I have Win2k8 (with 5.1 SP1) and if I go into cluadmin and check the properties of the VMDg resource, on the 'Properties' tab, I have a DiskRunChkDsk attribute (currently set to 0). I do not currently have a Win2k3 configuration to see if this option is available in the GUI on that version as well, but I'd strongly recommended checking.
And per the Microsoft article the acceptable values for this are 0-6, with 0 being the default setting to mimic what a Physical Disk resource does. In my case, the resource was added automatically, but that may be only for Win2k8.
0 (Default) - Performs a quick check to verify volume is okay during online, runs chkdsk to recover from any corruption. Fails online if chkdsk is unable to repair.
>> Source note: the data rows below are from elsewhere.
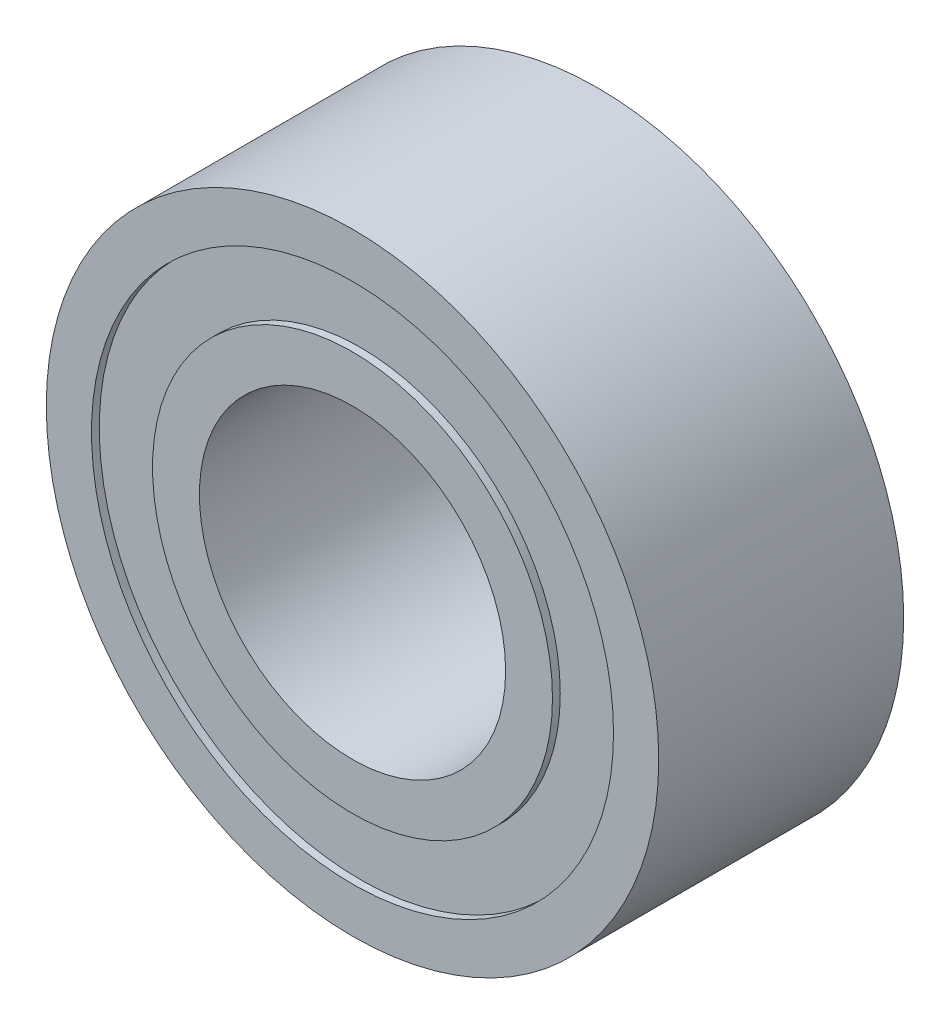
from build123d import *

# Parameters (mm, degrees)
SKETCH1_R           = 5
SKETCH1_R_2         = 2.5
BOSS_EXTRUDE1_DEPTH = 4
SKETCH2_R           = 4.261634863
SKETCH2_R_2         = 3.265328535
CUT_EXTRUDE1_DEPTH  = 0.127
CUT_EXTRUDE2_START  = -0.127
SKETCH3_R           = 4.261634863
SKETCH3_R_2         = 3.265328535
CUT_EXTRUDE2_DEPTH  = 0.127


with BuildPart() as part:
    # Sketch1 → Boss-Extrude1 (new body)
    with BuildSketch(Plane.XY):
        Circle(SKETCH1_R)
        Circle(SKETCH1_R_2, mode=Mode.SUBTRACT)
    extrude(amount=BOSS_EXTRUDE1_DEPTH)

    # Sketch2 → Cut-Extrude1 (cut)
    with BuildSketch(Plane.XY.offset(4)):
        Circle(SKETCH2_R)
        Circle(SKETCH2_R_2, mode=Mode.SUBTRACT)
    extrude(amount=-CUT_EXTRUDE1_DEPTH, mode=Mode.SUBTRACT)

    # Sketch3 → Cut-Extrude2 (cut)
    with BuildSketch(Plane(origin=(0, 0, 0), x_dir=(-1, 0, 0), z_dir=(0, 0, -1)).offset(CUT_EXTRUDE2_START)):
        with Locations(Location((0, 0, 0), (0, 0, 180))):
            Circle(SKETCH3_R)
        with Locations(Location((0, 0, 0), (0, 0, 180))):
            Circle(SKETCH3_R_2, mode=Mode.SUBTRACT)
    extrude(amount=CUT_EXTRUDE2_DEPTH, mode=Mode.SUBTRACT)


solid = part.part
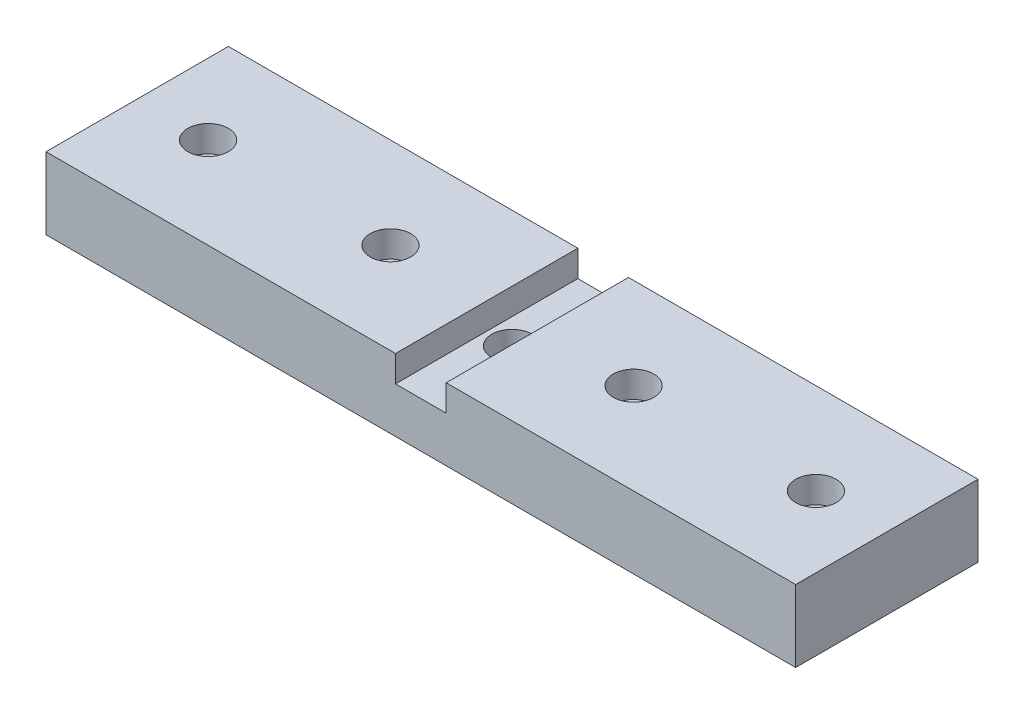
from build123d import *

# Parameters (mm, degrees)
SKETCH_1_W                          = 370
SKETCH_1_H                          = 90
EXTRUDE_1_DEPTH                     = 35.5
SKETCH_2_W                          = 25
SKETCH_2_H                          = 90
CUT_EXTRUDE_1_DEPTH                 = 13
HOLE_WIZARD_M4_1_D                  = 13.5
HOLE_WIZARD_M4_1_CBORE_D            = 20
HOLE_WIZARD_M4_1_CBORE_DEPTH        = 13
PATTERN_LINEAR_1_COUNT              = 2
PATTERN_LINEAR_1_PITCH              = 90
PATTERN_LINEAR_2_COPY_1_D           = 13.5
PATTERN_LINEAR_2_COPY_1_CBORE_D     = 20
PATTERN_LINEAR_2_COPY_1_CBORE_DEPTH = 13
PATTERN_LINEAR_3_COPY_1_D           = 13.5
PATTERN_LINEAR_3_COPY_1_CBORE_D     = 20
PATTERN_LINEAR_3_COPY_1_CBORE_DEPTH = 13
PATTERN_LINEAR_3_COPY_2_D           = 13.5
PATTERN_LINEAR_3_COPY_2_CBORE_D     = 20
PATTERN_LINEAR_3_COPY_2_CBORE_DEPTH = 13
HOLE_WIZARD_M4_2_D                  = 13.5
HOLE_WIZARD_M4_2_CBORE_D            = 20
HOLE_WIZARD_M4_2_CBORE_DEPTH        = 13


with BuildPart() as part:
    # 草图1 → 凸台-拉伸1 (new body)
    with BuildSketch(Plane(origin=(0, 0, 0), x_dir=(1, 0, 0), z_dir=(0, 1, 0))):
        Rectangle(SKETCH_1_W, SKETCH_1_H)
    extrude(amount=EXTRUDE_1_DEPTH)

    # 草图2 → 切除-拉伸1 (cut)
    with BuildSketch(Plane(origin=(0, 35.5, 0), x_dir=(1, 0, 0), z_dir=(0, 1, 0))):
        Rectangle(SKETCH_2_W, SKETCH_2_H)
    extrude(amount=-CUT_EXTRUDE_1_DEPTH, mode=Mode.SUBTRACT)

    # M4 六角头螺栓的柱形沉头孔1 (through all)
    with Locations(Plane(origin=(0, 35.5, 0), x_dir=(1, 0, 0), z_dir=(0, 1, 0))):
        with Locations((-150, 0)):
            hole_wizard_m4_1 = CounterBoreHole(HOLE_WIZARD_M4_1_D / 2, HOLE_WIZARD_M4_1_CBORE_D / 2, HOLE_WIZARD_M4_1_CBORE_DEPTH)

    # 阵列(线性)1: M4 六角头螺栓的柱形沉头孔1 ×2
    with Locations(*[(i * PATTERN_LINEAR_1_PITCH, 0, 0) for i in range(1, PATTERN_LINEAR_1_COUNT)]):
        add(hole_wizard_m4_1, mode=Mode.SUBTRACT)

    # 阵列(线性)2 copy 1 (through all)
    with Locations(Plane(origin=(210, 35.5, 0), x_dir=(1, 0, 0), z_dir=(0, 1, 0))):
        with Locations((-150, 0)):
            CounterBoreHole(PATTERN_LINEAR_2_COPY_1_D / 2, PATTERN_LINEAR_2_COPY_1_CBORE_D / 2, PATTERN_LINEAR_2_COPY_1_CBORE_DEPTH)

    # 阵列(线性)3 copy 1 (through all)
    with Locations(Plane(origin=(300, 35.5, 0), x_dir=(1, 0, 0), z_dir=(0, 1, 0))):
        with Locations((-150, 0)):
            CounterBoreHole(PATTERN_LINEAR_3_COPY_1_D / 2, PATTERN_LINEAR_3_COPY_1_CBORE_D / 2, PATTERN_LINEAR_3_COPY_1_CBORE_DEPTH)

    # 阵列(线性)3 copy 2 (through all)
    with Locations(Plane(origin=(90, 35.5, 0), x_dir=(1, 0, 0), z_dir=(0, 1, 0))):
        with Locations((-150, 0)):
            CounterBoreHole(PATTERN_LINEAR_3_COPY_2_D / 2, PATTERN_LINEAR_3_COPY_2_CBORE_D / 2, PATTERN_LINEAR_3_COPY_2_CBORE_DEPTH)

    # M4 六角头螺栓的柱形沉头孔2 (through all)
    with Locations(Plane(origin=(0, 22.5, 0), x_dir=(1, 0, 0), z_dir=(0, 1, 0))):
        with Locations((0, 0)):
            CounterBoreHole(HOLE_WIZARD_M4_2_D / 2, HOLE_WIZARD_M4_2_CBORE_D / 2, HOLE_WIZARD_M4_2_CBORE_DEPTH)


solid = part.part

1 - Performs a thorough check to verify volume is okay during online, runs chkdsk to recover from any corruption. Fails online if chkdsk is unable to repair.
2 - Always run chkdsk on volumes during online. Fail online if chkdsk fails due to any reason.
3 - Same behavior as option #0, except if the quick volume check returns okay, run chkdsk in readonly mode (i.e. chkdsk on a snapshot of the volume) and proceed with online.
4 - Don't perform any file system level checks during online. In this mode IsAlive or LooksAlive calls don't do any file system level verification.
5 - Perform a thorough check to verify volume during online. Fail online if the volume/FS checks fail due to any reason. Do not attempt recovery using chkdsk.
6 - Suppresses volume creation/online/mounting during disk resource online. Disk is in offline read write mode, i.e. the disk is readable/writable using raw block level IOs.
I just wanted to point this out as another option (as opposed to having to make the change in the registry). Below is a screenshot from Windows Failover Cluster:
We have Microsoft Cluster, Windows 2003, R2, Enterprise, SP2 and Windows 2008 R2 Enterprise. We have Storage Foundation for Windows, 5.1, SP2 installed.
We already have the property DiskRunChkDsk and it is set to 0. On 2003, we also created the property SkipChkdsk and set it to 0. If we set the dirty bit on the volume and take it off-line and back-one line, no chkdsk is run.
The Symantec tech note you reference appears to only be to fix an error message in a wizard. It does not fix the dirty filing system issue.
On 2008, if the volume is a drive letter and not a mount point, a prompt comes up asking if you want to repair the drive. A prompt is not an automatic repair.
For a failover cluster, we need to be sure that volumes can failover, mounted on the other node and not have a dirty filing system presented to our applications.
Do you have any other suggestions that can help us prevent corrupted data on our clustered volumes managed by SFW?
I too saw the issue where the volume remained dirty, even with the attribute configured in the registry and was unable to see success. I will perform some additional test and I will also need to engage Engineering as a possible issue in the product.
Assuming you have a Support contract, it would be best to open a Support case at this time so that we can track this issue and resolution accordingly. If you do go this route, let the TSE know you worked with Robert Hanley so they can engage me immediately.
Thank you for your patience on this.
I have not seen a response from you on this (and assuming you and JJ are not co-workers) feel free to open a case concerning this as well. I'll also plan on keeping this thread up to date on the progress for others interested in this functionality.
I'm sorry for not getting back to you sooner. JJ and I are co-workers and have been discussing this between us. I will be opening a case with Symantec to see if we can get a resolution.
What we are seeing is that on Windows 2003 Clustering, chkdsk does not run when a Symantec Dynamic volume is marked DIRTY. On Windows 2008 Failover Cluster, only the lettered drive will execute chkdsk, but only if you answer the prompt. For any mounted volumes (mounted through a directory), chkdsk will not run.
Basic disks will run chkdsk on Windows 2008 Failover Clustering, with the same prompt, but the prompt will time out. This includes both lettered drives and mounted volumes.